Descritto solitamente come romanzo picaresco, Le Avventure di Huckleberry Finn è il seguito di «Le Avventure di Tom Sawyer», che si concludeva con i due amici, Tom e Huck, che trovavano un grosso tesoro.
Racconta il viaggio di un ragazzino ignorante e felice di esserlo, che non sa adattarsi alla vita civile ed è smanioso di avventure, ma si trova stretto tra la ricca vedova che ha deciso di adottarlo e il padre alcolizzato e violento che tenta di appropriarsi delle sue ricchezze.
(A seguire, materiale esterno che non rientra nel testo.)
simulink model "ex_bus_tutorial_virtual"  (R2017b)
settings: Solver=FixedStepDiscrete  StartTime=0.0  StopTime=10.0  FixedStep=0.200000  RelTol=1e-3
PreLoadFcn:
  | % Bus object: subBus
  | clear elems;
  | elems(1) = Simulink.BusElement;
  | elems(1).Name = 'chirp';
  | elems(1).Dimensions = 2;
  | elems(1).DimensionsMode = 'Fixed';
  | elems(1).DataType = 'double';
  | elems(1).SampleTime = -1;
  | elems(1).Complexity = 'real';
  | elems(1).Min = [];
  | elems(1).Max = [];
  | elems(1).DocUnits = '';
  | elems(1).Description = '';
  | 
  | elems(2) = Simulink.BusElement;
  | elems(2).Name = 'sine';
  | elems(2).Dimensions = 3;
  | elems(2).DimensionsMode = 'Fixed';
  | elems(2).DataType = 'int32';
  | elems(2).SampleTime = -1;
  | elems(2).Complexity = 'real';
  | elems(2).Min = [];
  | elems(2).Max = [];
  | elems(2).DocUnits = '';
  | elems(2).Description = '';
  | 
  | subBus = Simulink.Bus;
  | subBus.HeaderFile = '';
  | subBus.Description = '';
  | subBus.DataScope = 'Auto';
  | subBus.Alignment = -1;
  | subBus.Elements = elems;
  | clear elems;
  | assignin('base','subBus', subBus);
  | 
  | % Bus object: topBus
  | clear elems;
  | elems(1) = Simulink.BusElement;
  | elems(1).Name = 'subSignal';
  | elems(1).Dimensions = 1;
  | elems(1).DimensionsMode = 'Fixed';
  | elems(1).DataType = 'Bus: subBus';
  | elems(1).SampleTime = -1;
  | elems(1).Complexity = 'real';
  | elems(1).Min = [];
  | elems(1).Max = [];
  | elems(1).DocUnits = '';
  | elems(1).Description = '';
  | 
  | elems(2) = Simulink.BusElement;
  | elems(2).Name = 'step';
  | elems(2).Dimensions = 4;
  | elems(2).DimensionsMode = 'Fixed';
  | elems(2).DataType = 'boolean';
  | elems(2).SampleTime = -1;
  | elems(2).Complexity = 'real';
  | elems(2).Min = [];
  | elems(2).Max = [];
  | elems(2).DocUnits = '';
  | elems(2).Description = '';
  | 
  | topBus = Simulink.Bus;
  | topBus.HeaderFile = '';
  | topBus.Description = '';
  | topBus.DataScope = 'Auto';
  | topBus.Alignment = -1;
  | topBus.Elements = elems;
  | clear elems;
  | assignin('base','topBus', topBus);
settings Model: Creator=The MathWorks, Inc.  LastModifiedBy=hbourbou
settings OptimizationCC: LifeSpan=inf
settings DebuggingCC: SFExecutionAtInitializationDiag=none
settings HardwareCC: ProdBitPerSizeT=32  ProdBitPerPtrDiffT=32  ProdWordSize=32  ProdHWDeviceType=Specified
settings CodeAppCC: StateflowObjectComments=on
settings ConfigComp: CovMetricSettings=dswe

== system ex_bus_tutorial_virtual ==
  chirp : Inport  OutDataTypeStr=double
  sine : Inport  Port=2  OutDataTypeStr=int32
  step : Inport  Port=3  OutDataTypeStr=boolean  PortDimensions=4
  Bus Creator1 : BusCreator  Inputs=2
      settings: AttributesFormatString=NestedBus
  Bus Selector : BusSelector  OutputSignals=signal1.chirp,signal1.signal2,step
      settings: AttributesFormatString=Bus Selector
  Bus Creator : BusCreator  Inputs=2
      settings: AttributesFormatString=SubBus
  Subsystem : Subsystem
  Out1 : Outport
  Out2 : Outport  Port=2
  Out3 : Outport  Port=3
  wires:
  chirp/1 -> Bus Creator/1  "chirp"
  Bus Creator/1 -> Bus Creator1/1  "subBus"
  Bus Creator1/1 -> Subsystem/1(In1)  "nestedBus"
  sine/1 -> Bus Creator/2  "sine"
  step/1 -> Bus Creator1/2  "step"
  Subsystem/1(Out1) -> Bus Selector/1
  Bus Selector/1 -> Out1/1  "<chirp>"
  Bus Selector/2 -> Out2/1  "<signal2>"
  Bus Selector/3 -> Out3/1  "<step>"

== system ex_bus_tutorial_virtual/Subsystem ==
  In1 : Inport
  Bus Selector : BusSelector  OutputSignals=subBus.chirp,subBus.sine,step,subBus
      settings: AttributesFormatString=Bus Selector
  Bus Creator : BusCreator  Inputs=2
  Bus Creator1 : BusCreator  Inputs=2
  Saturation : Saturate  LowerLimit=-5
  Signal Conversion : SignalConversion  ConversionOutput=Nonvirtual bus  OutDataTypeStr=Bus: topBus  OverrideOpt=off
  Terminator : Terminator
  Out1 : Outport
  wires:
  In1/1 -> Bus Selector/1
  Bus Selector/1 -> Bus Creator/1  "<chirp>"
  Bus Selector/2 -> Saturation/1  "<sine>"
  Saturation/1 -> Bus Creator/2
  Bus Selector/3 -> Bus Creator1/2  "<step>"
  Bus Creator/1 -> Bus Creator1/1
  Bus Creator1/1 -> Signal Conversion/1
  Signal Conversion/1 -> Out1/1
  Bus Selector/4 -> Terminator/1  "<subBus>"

Huckleberry finge la propria morte e scappa a bordo di una zattera lungo il fiume Mississippi.
Alla sua prima tappa incontra Jim, uno schiavo fuggiasco, la cui padrona è proprio la stessa ricca vedova che aveva adottato Huck. I due diventano amici inseparabili e vivono un turbine di peripezie. [Read more…]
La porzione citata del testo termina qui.